DIFFERENTIAL PATTERNS OF RELAXATION BY SYNTHETIC ATRIAL PEPTIDE (APII) IN THE PULMONARY-ARTERY, ASCENDING AND DISTAL ABDOMINAL-AORTA

The vasodilatory effects of the synthetic rat atriopeptin (APII) have been studied in vitro in agonist-contracted, endothelium-denuded segments of the rat pulmonary artery, the ascending, and the distal abdominal aorta. In the pulmonary artery the contractures to methoxamine were inhibited more potently by APII (pD2 = 9.10 ± 0.40, n = 6) than by the vasodilatory neuropeptide VIP (pD2 = 7.37 ± 0.66, n = 6).

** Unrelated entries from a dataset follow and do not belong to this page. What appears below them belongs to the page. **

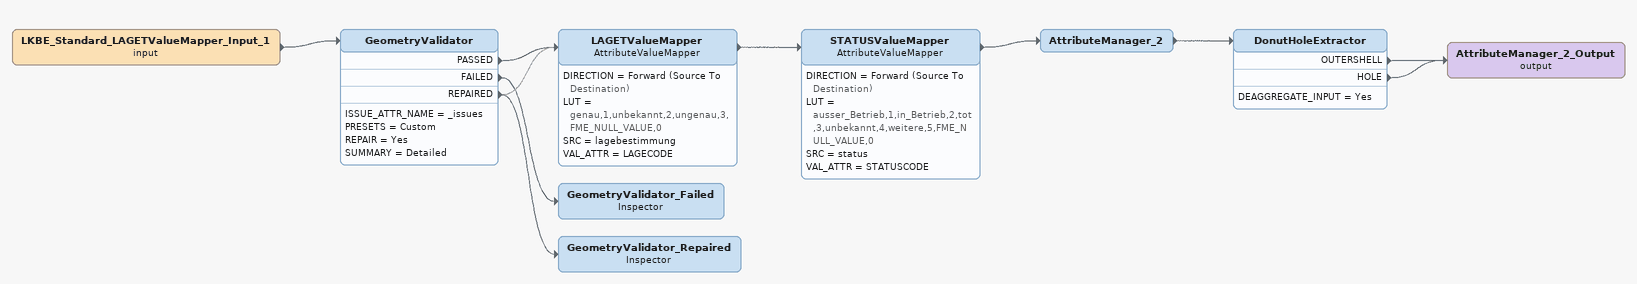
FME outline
LKBE_Standard_LAGETValueMapper_Input_1 (input)
    -> GeometryValidator
GeometryValidator
    ISSUE_ATTR_NAME = _issues
    PRESETS = Custom
    REPAIR = Yes
    SUMMARY = Detailed
    PASSED -> LAGETValueMapper
    FAILED -> GeometryValidator_Failed
    REPAIRED -> LAGETValueMapper [off]
    REPAIRED -> GeometryValidator_Repaired
LAGETValueMapper: AttributeValueMapper
    DIRECTION = Forward (Source To Destination)
    LUT = genau,1,unbekannt,2,ungenau,3,FME_NULL_VALUE,0
    SRC = lagebestimmung
    VAL_ATTR = LAGECODE
    -> STATUSValueMapper
STATUSValueMapper: AttributeValueMapper
    DIRECTION = Forward (Source To Destination)
    LUT = ausser_Betrieb,1,in_Betrieb,2,tot,3,unbekannt,4,weitere,5,FME_NULL_VALUE,0
    SRC = status
    VAL_ATTR = STATUSCODE
    -> AttributeManager_2
AttributeManager_2
    -> DonutHoleExtractor
DonutHoleExtractor
    DEAGGREGATE_INPUT = Yes
    OUTERSHELL -> AttributeManager_2_Output (output)
    HOLE -> AttributeManager_2_Output (output)
AttributeManager_2_Output (output)
GeometryValidator_Failed: Inspector
GeometryValidator_Repaired: Inspector

The intrinsic activity of APII was 0.46 ± 0.16 (n = 6). In segments previously exposed to either VIP or the β2-agonist salbutamol, APII was a near complete agonist (α = 0.82 ± 0.17, n = 7 and 0.84 ± 0.14, n = 6, respectively) without significant changes in the potencies. APII was a complete agonist also for the inhibition of the α-agonist-contracted segments of the aorta, however, with potencies 10-fold lower than in the pulmonary artery. VIP was without functionally significant effects in the aorta. The tachykinins (CGRP, SP, Neurokinins A and B) were without effects in all segments tested. In the ascending aorta, APII induced a long-lasting tachyphylaxis to the α-agonists, nearly completely abolishing the subsequent responsiveness to NA and methoxamine for more than 4 h. © 1990.